금속 필러가 첨가된 Pb-B-O계 유리와 Ni-Cr 합금 와이어 간의 전기 화학적 반응과 단락 거동

최진삼; 다타치카 나까야마; Jin Sam Choi; Tadachika Nakayama

Korean Journal of Materials Research, Vol.31, No.8, 471-479, August, 2021

DOI10.3740/MRSK.2021.31.8.471 Export Citation

금속 필러가 첨가된 Pb-B-O계 유리와 Ni-Cr 합금 와이어 간의 전기 화학적 반응과 단락 거동

Electrochemical Reaction and Short-Circuit Behavior between Lead Borate Glass Doped with Metal Filler and Ni-Cr Alloy Wire

최진삼^†, 다타치카 나까야마¹

울산산학융합원
¹나가오카기술대학

Jin Sam Choi^†, and Tadachika Nakayama¹

Ulsan Industry University Convergence Institute, Ulsan 44776, Republic of Korea
¹Dept. of Electrical Engineering/Electronic Devices and Optical Electronics Group, Nagaoka University of Technology, Niigata, Japan

E-mail:

The electrochemical reaction between lead borate glass frit doped with Sn metal filler and Ni-Cr wire of a J-type resistor during a term of Joule heating is investigated.

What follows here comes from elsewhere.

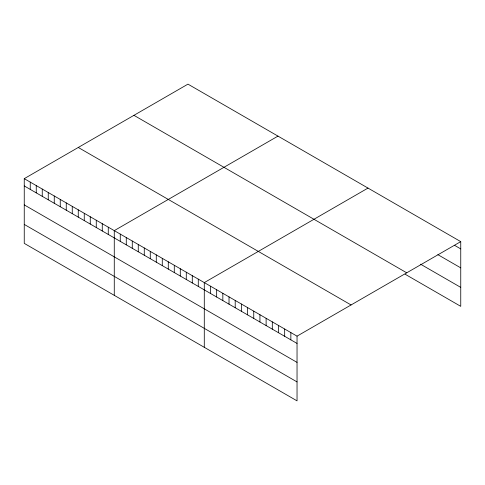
<?xml version="1.0" encoding="UTF-8"?>
<svg xmlns="http://www.w3.org/2000/svg" width="485" height="485" viewBox="0 0 485 485"><rect width="100%" height="100%" fill="white"/><g stroke="black" fill="none" stroke-linecap="round" stroke-linejoin="round"><path stroke-width="0.73" d="M24.25 178.656L297.038 336.147L297.038 400.859L24.25 243.367L24.25 178.656L187.962 84.141L460.75 241.633L460.75 306.344L405.102 274.213M277.984 136.109L114.272 230.63L114.272 295.341M368 188.083L204.288 282.603L204.288 347.315M297.038 336.147L460.75 241.633M454.566 245.337L460.75 248.908M437.87 254.655L460.75 267.865M420.562 264.186L460.75 287.387M133.939 115.333L406.727 272.825M78.273 147.464L351.061 304.956M24.25 185.937L297.038 343.428M24.25 204.888L297.038 362.38M24.25 224.416L297.038 381.907M290.854 332.583L290.854 339.858M284.671 329.012L284.671 336.287M278.487 325.441L278.487 332.722M272.303 321.87L272.303 329.151M266.119 318.299L266.119 325.58M259.936 314.729L259.936 322.01M253.752 311.164L253.752 318.439M247.568 307.593L247.568 314.868M241.391 304.022L241.391 311.303M235.207 300.451L235.207 307.733M229.023 296.881L229.023 304.162M222.839 293.31L222.839 300.591M216.656 289.745L216.656 297.02M210.472 286.174L210.472 293.449M198.286 279.136L198.286 286.417M192.284 275.674L192.284 282.955M186.282 272.206L186.282 279.487M180.287 268.745L180.287 276.026M174.285 265.277L174.285 272.558M168.283 261.815L168.283 269.09M162.281 258.347L162.281 265.628M156.279 254.886L156.279 262.161M150.277 251.418L150.277 258.699M144.275 247.956L144.275 255.231M138.273 244.488L138.273 251.77M132.272 241.027L132.272 248.302M126.27 237.559L126.27 244.84M120.268 234.097L120.268 241.372M108.27 227.168L108.27 234.443M102.268 223.7L102.268 230.981M96.266 220.238L96.266 227.513M90.265 216.771L90.265 224.052M84.263 213.309L84.263 220.584M78.261 209.841L78.261 217.122M72.259 206.38L72.259 213.655M66.257 202.912L66.257 210.193M60.255 199.45L60.255 206.725M54.259 195.982L54.259 203.263M48.257 192.515L48.257 199.796M42.256 189.053L42.256 196.334M36.254 185.585L36.254 192.866M30.252 182.124L30.252 189.405"/></g></svg>

The fusing behavior in which the Ni-Cr wire is melted is not observed for the control group but measured for the Sn-doped specimen under 30 V and 500 mA. The Sn-doped lead borate glass frit shows a fusing property compared with other metal-doped specimens. Meanwhile, the redox reaction significantly contributes to the fusing behavior due to the release of free electrons of the metal toward the glass. The electrons derived from the glass, which used Joule heat to reach the melting point of Ni-Cr wire, increase with increasing corrosion rate at interface of metal/glass. Finally, the confidence interval is 95 ± 1.959 %, and the adjusted regression coefficient, R in the optimal linear graph, is 0.93, reflecting 93% of the data and providing great potential for fusible resistor applications.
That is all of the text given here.